■ Exercise aim: Considering the entries that follow, report how many lines include the string "Kluane", giving the number alone.

Stored items
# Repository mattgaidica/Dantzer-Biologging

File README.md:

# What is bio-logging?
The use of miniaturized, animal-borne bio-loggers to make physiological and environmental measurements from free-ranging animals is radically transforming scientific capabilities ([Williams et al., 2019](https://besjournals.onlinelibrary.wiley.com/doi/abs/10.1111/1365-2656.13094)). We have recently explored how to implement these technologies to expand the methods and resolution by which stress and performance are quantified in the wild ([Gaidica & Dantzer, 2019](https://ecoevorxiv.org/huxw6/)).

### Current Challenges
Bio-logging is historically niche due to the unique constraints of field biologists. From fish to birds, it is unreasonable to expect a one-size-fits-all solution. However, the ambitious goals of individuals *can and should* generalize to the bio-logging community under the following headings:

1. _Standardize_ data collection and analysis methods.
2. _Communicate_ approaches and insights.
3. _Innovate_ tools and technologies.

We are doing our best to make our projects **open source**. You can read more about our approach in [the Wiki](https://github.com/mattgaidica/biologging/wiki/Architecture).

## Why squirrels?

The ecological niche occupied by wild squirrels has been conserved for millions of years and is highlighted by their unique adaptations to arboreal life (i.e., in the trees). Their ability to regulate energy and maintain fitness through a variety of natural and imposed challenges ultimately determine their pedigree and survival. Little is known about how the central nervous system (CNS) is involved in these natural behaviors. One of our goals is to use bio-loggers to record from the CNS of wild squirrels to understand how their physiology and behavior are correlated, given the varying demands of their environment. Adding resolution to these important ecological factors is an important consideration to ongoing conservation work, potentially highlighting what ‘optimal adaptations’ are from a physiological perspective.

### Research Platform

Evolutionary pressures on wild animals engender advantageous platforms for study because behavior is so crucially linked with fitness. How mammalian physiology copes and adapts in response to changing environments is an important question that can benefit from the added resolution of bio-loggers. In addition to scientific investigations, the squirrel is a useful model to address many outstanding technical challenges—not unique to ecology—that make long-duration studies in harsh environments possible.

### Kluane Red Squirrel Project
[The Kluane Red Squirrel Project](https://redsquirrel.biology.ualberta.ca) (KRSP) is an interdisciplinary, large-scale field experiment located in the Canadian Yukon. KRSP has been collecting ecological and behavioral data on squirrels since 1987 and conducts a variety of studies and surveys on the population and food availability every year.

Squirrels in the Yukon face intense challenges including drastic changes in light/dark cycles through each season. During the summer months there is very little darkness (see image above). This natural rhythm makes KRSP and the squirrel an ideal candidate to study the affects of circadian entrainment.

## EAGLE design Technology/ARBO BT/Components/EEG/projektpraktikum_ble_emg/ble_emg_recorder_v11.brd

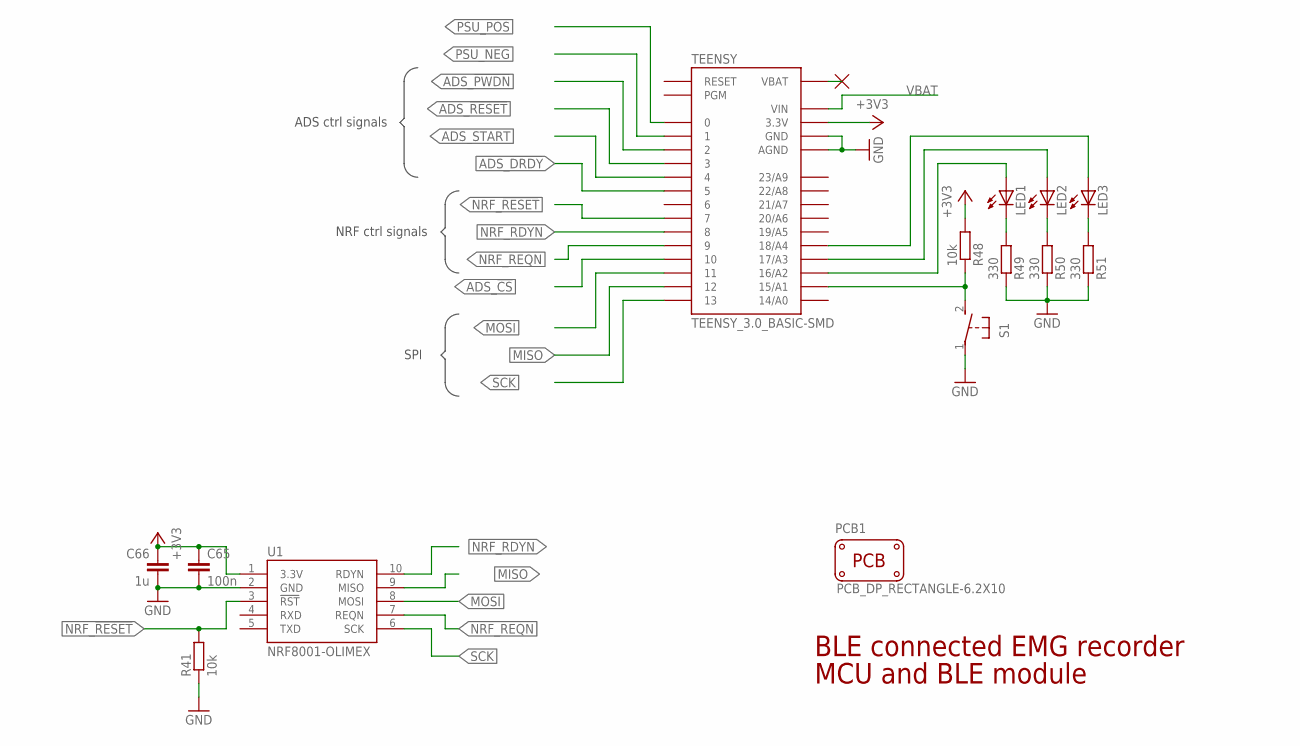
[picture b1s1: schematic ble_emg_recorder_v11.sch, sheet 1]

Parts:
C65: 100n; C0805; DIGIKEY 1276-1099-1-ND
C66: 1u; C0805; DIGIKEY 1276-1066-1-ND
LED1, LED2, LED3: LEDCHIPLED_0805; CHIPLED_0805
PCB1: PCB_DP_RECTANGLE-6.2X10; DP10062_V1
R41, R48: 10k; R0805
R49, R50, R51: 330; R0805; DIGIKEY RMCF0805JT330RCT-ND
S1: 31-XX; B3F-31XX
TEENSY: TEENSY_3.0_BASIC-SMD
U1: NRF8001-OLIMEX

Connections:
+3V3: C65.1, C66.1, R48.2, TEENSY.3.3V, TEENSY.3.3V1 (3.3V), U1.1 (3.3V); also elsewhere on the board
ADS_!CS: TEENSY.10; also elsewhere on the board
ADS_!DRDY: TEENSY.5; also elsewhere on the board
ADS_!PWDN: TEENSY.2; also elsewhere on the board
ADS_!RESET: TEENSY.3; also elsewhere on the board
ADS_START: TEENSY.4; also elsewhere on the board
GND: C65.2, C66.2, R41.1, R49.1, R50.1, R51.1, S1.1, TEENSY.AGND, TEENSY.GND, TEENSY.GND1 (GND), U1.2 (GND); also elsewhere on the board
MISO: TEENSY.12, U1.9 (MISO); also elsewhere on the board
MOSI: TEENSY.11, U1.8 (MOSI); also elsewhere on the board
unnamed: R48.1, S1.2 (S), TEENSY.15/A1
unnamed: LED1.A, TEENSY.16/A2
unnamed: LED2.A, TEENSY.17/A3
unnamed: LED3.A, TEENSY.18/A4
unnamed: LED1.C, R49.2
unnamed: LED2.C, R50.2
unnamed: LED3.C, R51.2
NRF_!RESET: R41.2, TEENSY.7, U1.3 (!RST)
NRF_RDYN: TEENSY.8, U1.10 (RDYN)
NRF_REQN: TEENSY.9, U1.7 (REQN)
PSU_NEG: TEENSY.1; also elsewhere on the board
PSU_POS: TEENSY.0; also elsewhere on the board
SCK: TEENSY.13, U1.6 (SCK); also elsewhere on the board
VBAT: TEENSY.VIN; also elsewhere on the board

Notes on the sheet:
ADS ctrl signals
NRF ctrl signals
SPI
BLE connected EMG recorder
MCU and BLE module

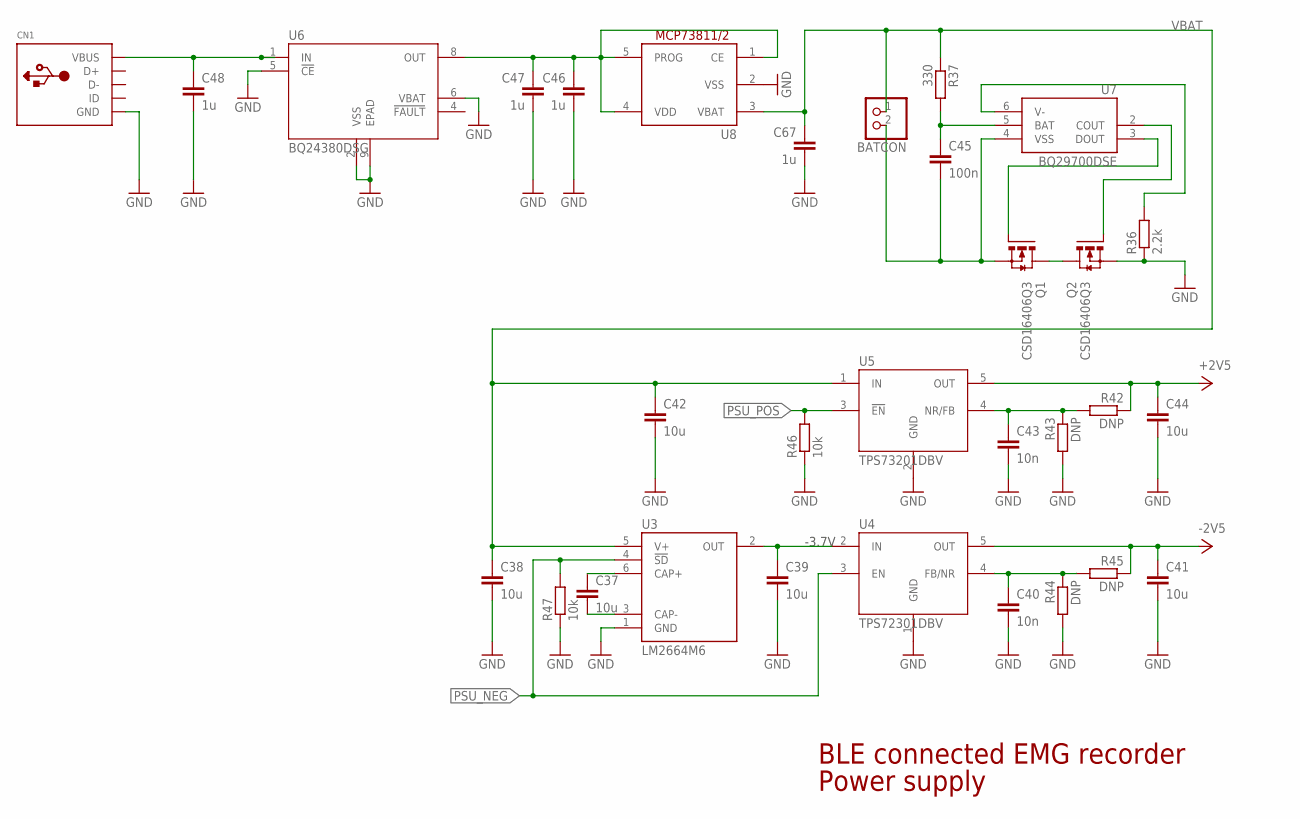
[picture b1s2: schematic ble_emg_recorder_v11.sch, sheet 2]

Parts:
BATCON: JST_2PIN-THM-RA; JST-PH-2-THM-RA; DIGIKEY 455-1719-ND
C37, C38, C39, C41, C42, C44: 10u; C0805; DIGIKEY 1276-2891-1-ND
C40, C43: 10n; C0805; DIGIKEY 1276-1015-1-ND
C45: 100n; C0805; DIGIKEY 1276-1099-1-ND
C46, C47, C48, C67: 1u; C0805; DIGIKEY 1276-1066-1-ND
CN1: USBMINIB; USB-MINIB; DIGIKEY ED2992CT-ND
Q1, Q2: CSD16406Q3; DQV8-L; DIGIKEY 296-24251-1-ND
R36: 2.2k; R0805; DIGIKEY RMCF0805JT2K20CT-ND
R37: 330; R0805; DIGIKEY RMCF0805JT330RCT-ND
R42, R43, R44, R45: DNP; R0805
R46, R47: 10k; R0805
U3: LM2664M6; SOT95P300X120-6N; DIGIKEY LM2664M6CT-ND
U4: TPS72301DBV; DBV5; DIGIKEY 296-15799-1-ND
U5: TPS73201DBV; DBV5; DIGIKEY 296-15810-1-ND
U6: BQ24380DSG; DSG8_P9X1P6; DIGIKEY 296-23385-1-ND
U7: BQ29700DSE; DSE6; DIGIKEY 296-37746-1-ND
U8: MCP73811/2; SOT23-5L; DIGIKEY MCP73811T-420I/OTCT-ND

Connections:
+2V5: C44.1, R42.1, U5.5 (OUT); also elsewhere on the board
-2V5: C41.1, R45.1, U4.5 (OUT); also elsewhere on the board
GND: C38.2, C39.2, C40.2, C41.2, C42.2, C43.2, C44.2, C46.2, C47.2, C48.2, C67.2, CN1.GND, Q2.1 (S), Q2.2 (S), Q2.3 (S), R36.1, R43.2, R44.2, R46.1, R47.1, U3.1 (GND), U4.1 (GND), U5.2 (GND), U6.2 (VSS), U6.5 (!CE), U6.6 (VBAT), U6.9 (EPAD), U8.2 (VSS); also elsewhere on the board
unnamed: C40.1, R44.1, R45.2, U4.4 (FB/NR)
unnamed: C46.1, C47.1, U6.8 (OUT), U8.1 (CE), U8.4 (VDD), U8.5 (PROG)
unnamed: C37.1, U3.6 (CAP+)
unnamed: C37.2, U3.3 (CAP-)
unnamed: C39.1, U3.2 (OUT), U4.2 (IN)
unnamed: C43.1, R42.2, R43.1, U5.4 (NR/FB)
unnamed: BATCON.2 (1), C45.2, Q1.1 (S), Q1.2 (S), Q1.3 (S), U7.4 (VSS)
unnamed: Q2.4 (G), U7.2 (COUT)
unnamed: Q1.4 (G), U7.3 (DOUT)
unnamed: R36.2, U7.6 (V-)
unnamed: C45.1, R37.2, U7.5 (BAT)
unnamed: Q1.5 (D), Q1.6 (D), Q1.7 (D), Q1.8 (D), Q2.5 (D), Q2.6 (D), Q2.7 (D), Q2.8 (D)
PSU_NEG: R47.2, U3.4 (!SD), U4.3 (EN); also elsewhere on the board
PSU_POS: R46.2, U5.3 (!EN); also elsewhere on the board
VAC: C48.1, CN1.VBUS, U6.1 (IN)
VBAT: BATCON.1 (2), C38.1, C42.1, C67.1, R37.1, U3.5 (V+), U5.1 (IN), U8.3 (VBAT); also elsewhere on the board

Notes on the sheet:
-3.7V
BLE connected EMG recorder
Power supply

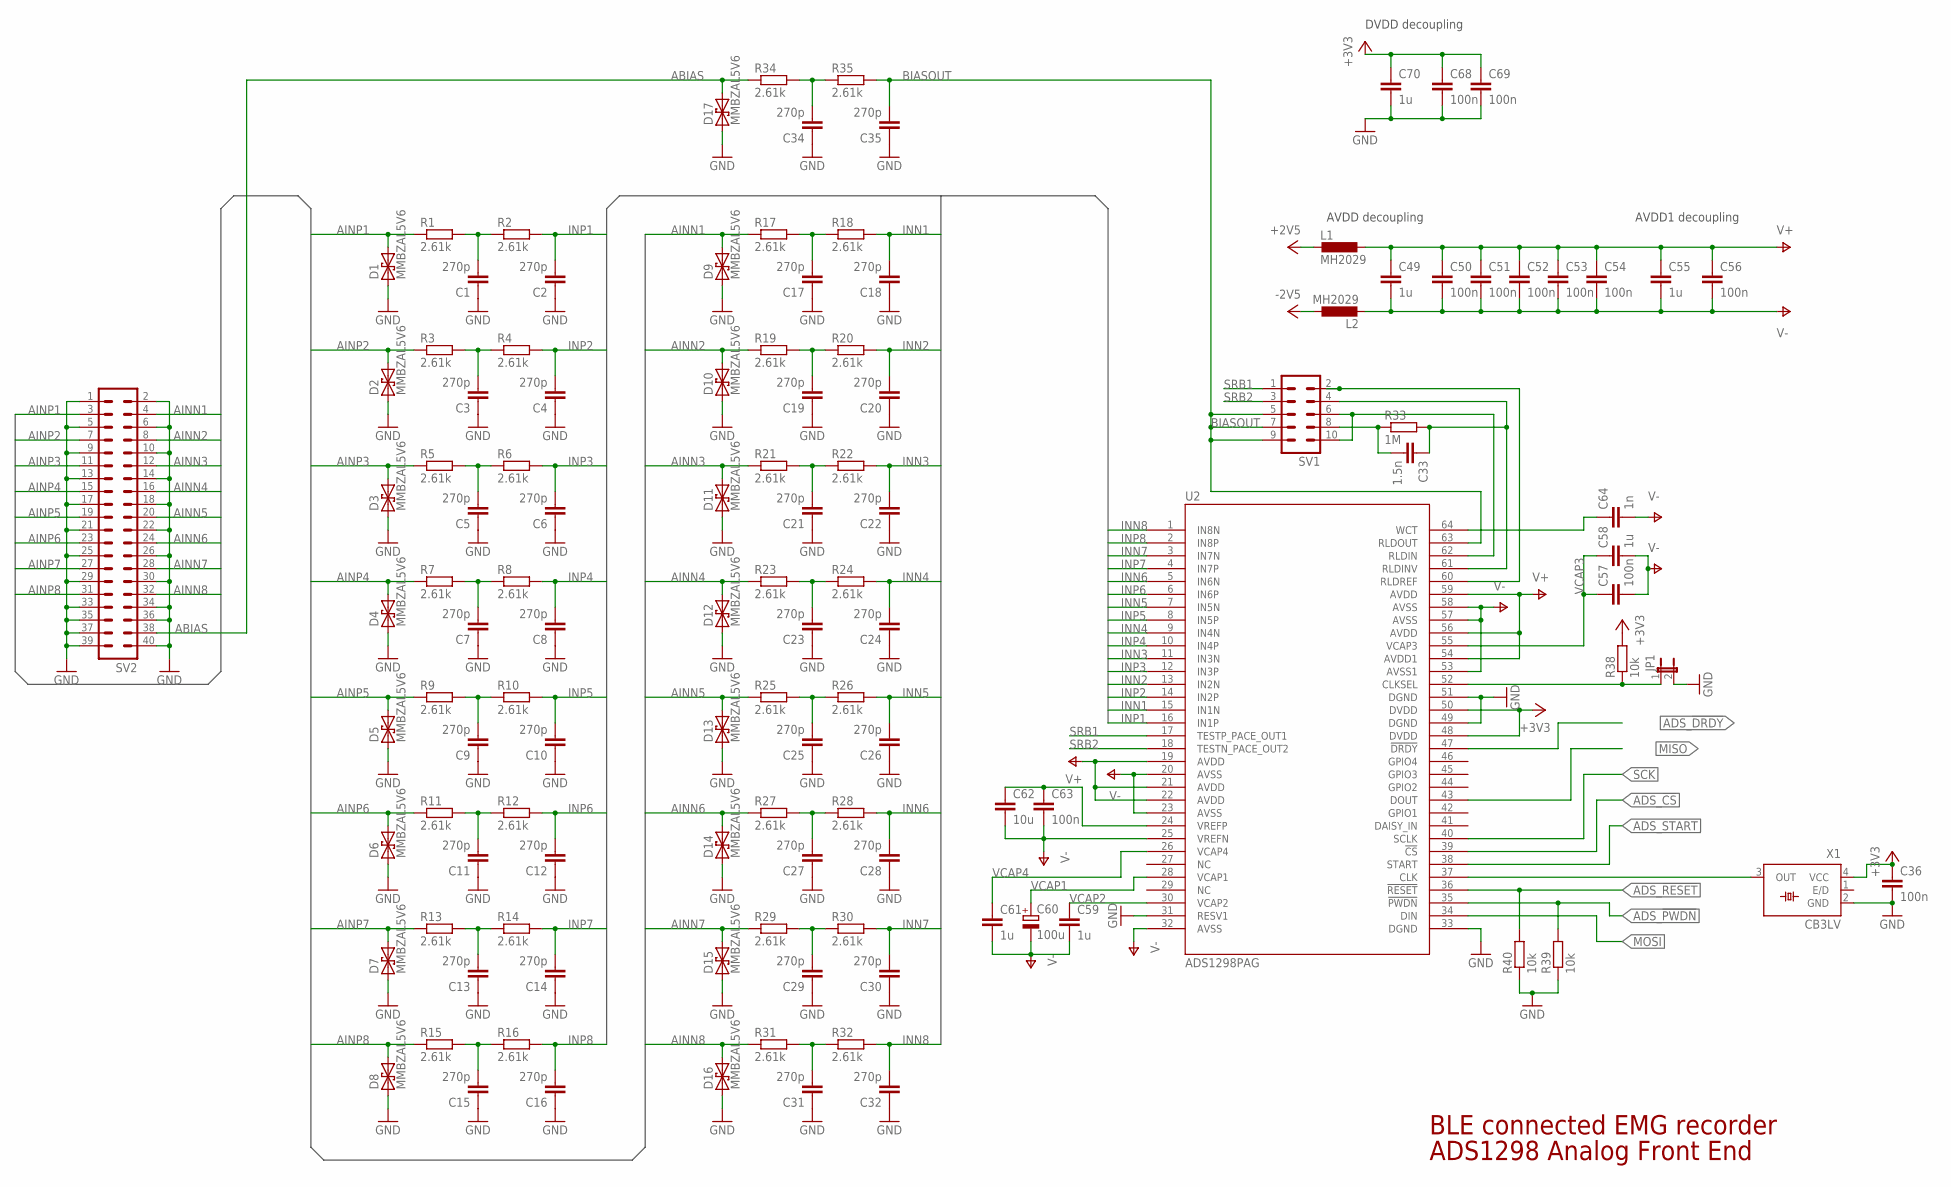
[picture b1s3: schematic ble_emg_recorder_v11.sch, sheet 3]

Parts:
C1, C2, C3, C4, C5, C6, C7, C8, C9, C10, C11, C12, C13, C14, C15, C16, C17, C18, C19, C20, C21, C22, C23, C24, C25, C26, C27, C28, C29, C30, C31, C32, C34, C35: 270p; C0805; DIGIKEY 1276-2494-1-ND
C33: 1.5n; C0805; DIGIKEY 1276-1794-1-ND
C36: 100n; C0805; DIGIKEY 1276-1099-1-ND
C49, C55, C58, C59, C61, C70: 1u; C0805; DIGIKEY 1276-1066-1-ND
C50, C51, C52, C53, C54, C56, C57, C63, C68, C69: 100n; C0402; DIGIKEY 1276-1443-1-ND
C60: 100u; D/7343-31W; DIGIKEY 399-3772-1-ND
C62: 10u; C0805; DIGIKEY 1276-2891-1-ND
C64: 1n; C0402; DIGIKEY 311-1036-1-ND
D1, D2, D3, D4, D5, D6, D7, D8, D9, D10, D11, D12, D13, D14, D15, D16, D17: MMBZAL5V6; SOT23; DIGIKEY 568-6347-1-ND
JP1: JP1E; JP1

■ Final answer: 2